Sara turned to the cop. “She doesn’t know my address in New York City. She wouldn’t go there without me. She was just upset.”
“I see.” The cop looked at Sara.
“When will we know something? What will you do?” Eva said.
“Well, with kids, we don’t usually do anything. Not for forty-eight hours. They usually come back.” He stood up and nodded at them. “But we have the report. Look, I’m sure she’s just upset, that she’ll come home, her tail between her legs. I wouldn’t worry. Call us if you hear anything more. And we’ll be in touch.”
“We’ll go every place she’s ever been,” George said to Eva. “I swear we’ll find her.”
They all walked out together, Sara trailing behind Eva and George. No one talked, but then Sara saw George reach out and grab Eva’s hand, pull her close, and then he put his arm about her, and she put hers about him. They pressed together like a seam. When they got to the front door, Eva pulled the door open and then stopped and suddenly began to weep. Her hands flew up to her eyes. “Eva,” George said, and held her, stroking her back, so tenderly that Sara felt like a voyeur, and then Sara saw that George’s eyes were damp, too. “My baby,” Eva said quietly.
My baby,
Sara thought, but she kept silent. She wavered, unsure what to do, and then Eva snuffled, digging into her pocket for a handkerchief, and when she looked at Sara, Eva looked tamped down.
“I’ll help you find her,” Sara said, and Eva held up her hand.
“No, you’ve done enough,” Eva said wearily. “Just go. Go home to New York City the way you planned. Just go and leave us alone.”
“No,” George said. “You stay. Please. Stay and help.”
Eva looked at him, startled. “George!” she said.
“We need all the help we can get, Eva,” he said. “Even if it’s Sara’s.”

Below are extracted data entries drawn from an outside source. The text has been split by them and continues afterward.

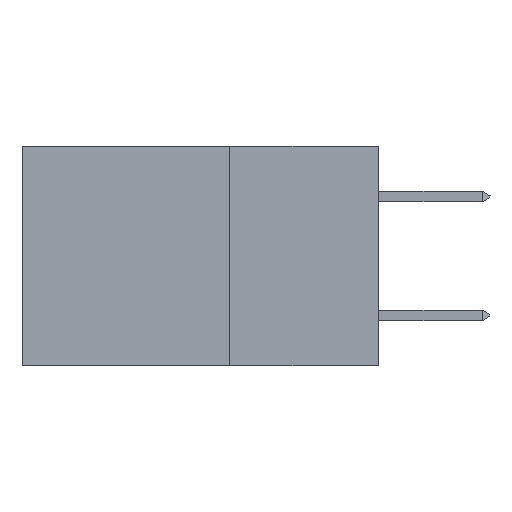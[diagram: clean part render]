
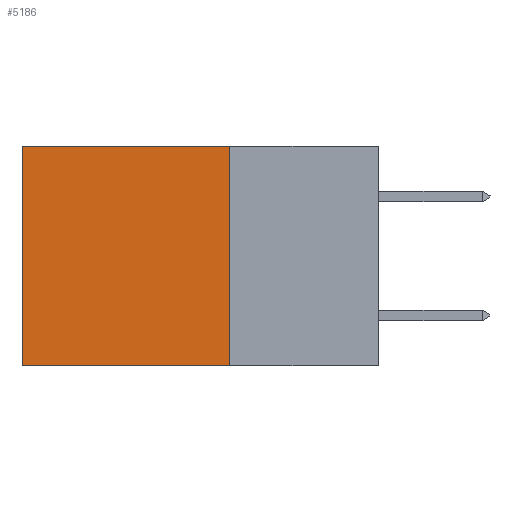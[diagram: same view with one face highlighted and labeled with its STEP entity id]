
A CAD part, left-side view. The second image highlights one B-rep face of the part: STEP entity #5186.
In plain terms, the highlighted planar face has unit normal (-1, 0, 0).
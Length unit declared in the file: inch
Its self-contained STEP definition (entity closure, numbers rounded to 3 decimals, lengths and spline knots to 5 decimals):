
#2 = FACE_OUTER_BOUND ( 'NONE', #483, .T. ) ;
#483 = EDGE_LOOP ( 'NONE', ( #8350, #14604, #12875, #4313 ) ) ;
#1269 = DIRECTION ( 'NONE',  ( 0., 0., -1. ) ) ;
#2233 = CARTESIAN_POINT ( 'NONE',  ( 0.2615, 0.6, 0. ) ) ;
#3284 = VECTOR ( 'NONE', #16029, 39.37008 ) ;
#3578 = VERTEX_POINT ( 'NONE', #16551 ) ;
#4313 = ORIENTED_EDGE ( 'NONE', *, *, #14396, .T. ) ;
#4435 = LINE ( 'NONE', #4549, #11649 ) ;
#4549 = CARTESIAN_POINT ( 'NONE',  ( 0.2615, 0.25, 0. ) ) ;
#5155 = AXIS2_PLACEMENT_3D ( 'NONE', #17358, #19126, #1269 ) ;
#5186 = ADVANCED_FACE ( 'NONE', ( #2 ), #19025, .F. ) ;
#5917 = CARTESIAN_POINT ( 'NONE',  ( 0.2615, 0.25, 0. ) ) ;
#5973 = DIRECTION ( 'NONE',  ( 0., 0., -1. ) ) ;
#6513 = LINE ( 'NONE', #6709, #3284 ) ;
#6622 = EDGE_CURVE ( 'NONE', #12480, #10637, #8995, .T. ) ;
#6709 = CARTESIAN_POINT ( 'NONE',  ( 0.2615, 0.25, -0.37 ) ) ;
#7153 = DIRECTION ( 'NONE',  ( 0., 0., -1. ) ) ;
#7975 = VECTOR ( 'NONE', #5973, 39.37008 ) ;
#8350 = ORIENTED_EDGE ( 'NONE', *, *, #18074, .T. ) ;
#8374 = VECTOR ( 'NONE', #7153, 39.37008 ) ;
#8894 = CARTESIAN_POINT ( 'NONE',  ( 0.2615, 0.25, -0.37 ) ) ;
#8995 = LINE ( 'NONE', #8894, #7975 ) ;
#10025 = EDGE_CURVE ( 'NONE', #10637, #3578, #6513, .T. ) ;
#10637 = VERTEX_POINT ( 'NONE', #20234 ) ;
#11649 = VECTOR ( 'NONE', #15853, 39.37008 ) ;
#11864 = LINE ( 'NONE', #15106, #8374 ) ;
#12480 = VERTEX_POINT ( 'NONE', #5917 ) ;
#12875 = ORIENTED_EDGE ( 'NONE', *, *, #6622, .F. ) ;
#14396 = EDGE_CURVE ( 'NONE', #12480, #19966, #4435, .T. ) ;
#14604 = ORIENTED_EDGE ( 'NONE', *, *, #10025, .F. ) ;
#15106 = CARTESIAN_POINT ( 'NONE',  ( 0.2615, 0.6, -0.37 ) ) ;
#15853 = DIRECTION ( 'NONE',  ( 0., 1., 0. ) ) ;
#16029 = DIRECTION ( 'NONE',  ( 0., 1., 0. ) ) ;
#16551 = CARTESIAN_POINT ( 'NONE',  ( 0.2615, 0.6, -0.37 ) ) ;
#17358 = CARTESIAN_POINT ( 'NONE',  ( 0.2615, 0.25, -0.37 ) ) ;
#18074 = EDGE_CURVE ( 'NONE', #19966, #3578, #11864, .T. ) ;
#19025 = PLANE ( 'NONE',  #5155 ) ;
#19126 = DIRECTION ( 'NONE',  ( 1., 0., 0. ) ) ;
#19966 = VERTEX_POINT ( 'NONE', #2233 ) ;
#20234 = CARTESIAN_POINT ( 'NONE',  ( 0.2615, 0.25, -0.37 ) ) ;

They drove around the town, Sara in the backseat. George drove to the bowling alley and went inside, and when he came out his face was so drawn that he didn’t have to say one word, both Sara and Eva knew Anne wasn’t there. They drove to the school, to a mall, to a dozen places Sara didn’t know about, and at each one, she felt more despairing.
Finally, George and Eva drove Sara back to her hotel.
“There’s nothing more you can do,” Eva said. “Just go. We’ll call you.”
“I’m staying,” Sara said.
By Friday morning, Anne was in Pittsburgh. It had taken her two days to get there. The first ride, a woman who barreled down the road in her little white car, took her across two states. At the side of the road, Anne gulped the soda she had packed, which was now warm, the fizz gone. She ate the candy and chips until she began to feel ill from the rush of sugar, the tang of salt, and then she threw them away. Her next ride was with a middle-aged woman who lectured her about hitching until she dropped Anne off at a diner in Virginia, and by then Anne was starving. She sat at the counter and scanned the menu for whatever would be the cheapest and the most filling. “Corn chowder,” she said, which turned out to be watery broth with a scrim of oil across it and not a kernel of corn in sight.
“Could you please pass the salt?” she asked the person next to her, a burly man in a Yankees baseball cap. They started talking, and he told her his name was Charlie, and that he was a trucker.
“Are you crazy traveling alone?” he said. “I have two girls about your age and I don’t even let them out of the house after seven, let alone hitch by themselves.”